What Juno Tech does is enable the recycling of paper, pulp, fibres, even metals, contributing to the development of a more circular economy.

Patented separation and sanitisation process reduces solid waste destined for landfills

Using proprietary processes to separate and sanitise solid waste, Georgia-Pacific’s Juno Technology is looking to reduce the amount of waste sent to landfills. The company says its six-step process can recover up to 90% of the materials it processes.

The process involves using pressure and high temperature in customised autoclaves, or steam sterilisers, to turn the solid waste into a liquid, and paper into pulp. The waste is then run through a proprietary sorting system that pulls out paper fibres, which are used to make recycled products like boxes and paper towels.

Water from the process, which includes nutrients from food waste, is sent to an anaerobic digestion system, which produces biogas. This gas is then used to create steam or electricity to either power the Juno process, or can also be sold externally.

The remaining materials, which may contain metal or plastics are then removed using sorting processes, and are available as recycled raw materials.

A standard Juno Technology run recovers Juno Fiber – recycled paper fibers that can be turned back into food-safe paper-based packaging.  These fibres typically represent around 20% of the waste stream. Once recovered, using SCS Global, facilities that process and use Juno Fiber can become certified

Reducing waste to landfill a priority GHG reduction

According to the US EPA methane emissions from municipal solid waste (MSW) account for 14.5% of the total methane emitted. It is also the third-largest source of methane emissions in the US from human consumption. This equates to the annual GHG emissions from over 20 million passenger vehicles, or the CO2 emissions from nearly 12 million homes.
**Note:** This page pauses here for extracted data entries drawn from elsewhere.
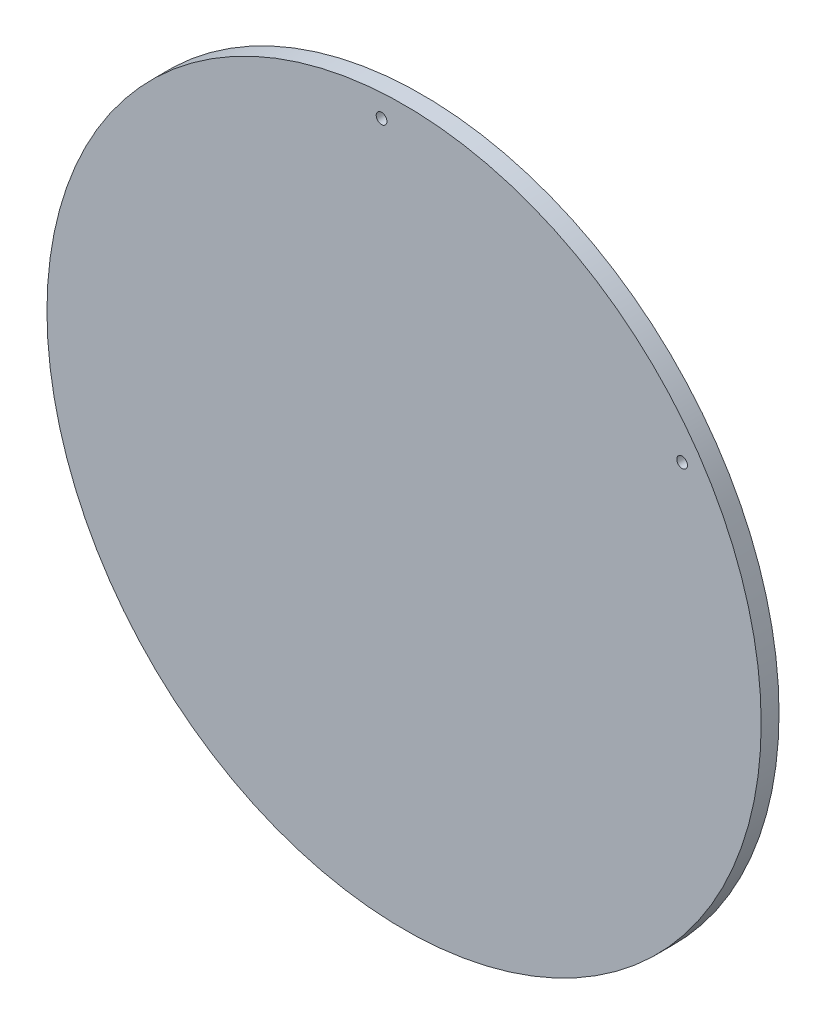
from build123d import *

# Parameters (mm, degrees)
SKETCH1_R           = 200
SKETCH1_R_2         = 3
BOSS_EXTRUDE1_DEPTH = 10
SCALE1_SCALE        = 10


with BuildPart() as part:
    # Sketch1 → Boss-Extrude1 (new body)
    with BuildSketch(Plane.XY):
        Circle(SKETCH1_R)
        with Locations((155.706340136, 104.459492826)):
            Circle(SKETCH1_R_2, mode=Mode.SUBTRACT)
        with Locations((-12.611404385, 187.075392501)):
            Circle(SKETCH1_R_2, mode=Mode.SUBTRACT)
    extrude(amount=BOSS_EXTRUDE1_DEPTH)


with BuildPart() as part_1:
    # Scale1: scaled about (-0.032210855, -0.06562488, 5)
    add(part.part.scale(SCALE1_SCALE).moved(Location((0.289897695, 0.59062392, -45))))


solid = part_1.part

MSW initially undergoes an aerobic (with oxygen) decomposition process when a small amount of methane is generated. Over time, waste begins to increase in the landfill, it begins to decompose anaerobically, which increases the amount of methane produced. According to the EPA, over the long term, landfill gas (LFG) is typically composed of 50-55% methane, 45-50% CO2, and 2-5% nitrogen.

Landfill gas can be trapped and used directly in processes, converted into electricity, or used as renewable natural gas. The EPA’s landfill methane outreach program (LMOP) works with waste industry and sanitation officials to reduce methane emissions from landfill. LMOP has formed partnerships with communities, landfill owners and operators, the utility industry, and tribes and NGOs to facilitate developing LFG projects.

Juno Technology’s targets waste recycling across global cities

After successfully piloting the Juno Technology process in Savannah Georgia, GP built its first commercial processing unit in Toledo, Oregon in 2021. The plant’s location was chosen due to the availability of residential and commercial waste, and based on GP’s assessment of higher rates of recycling in the Pacific Northwest.

The plant has demonstrated a 50-60% conversion rate of solid waste captured since it began operation. In addition to other US locations, Georgia-Pacific is currently exploring sites in Australia and the UK, with an aim to begin building a new plant in the next 12-24 months.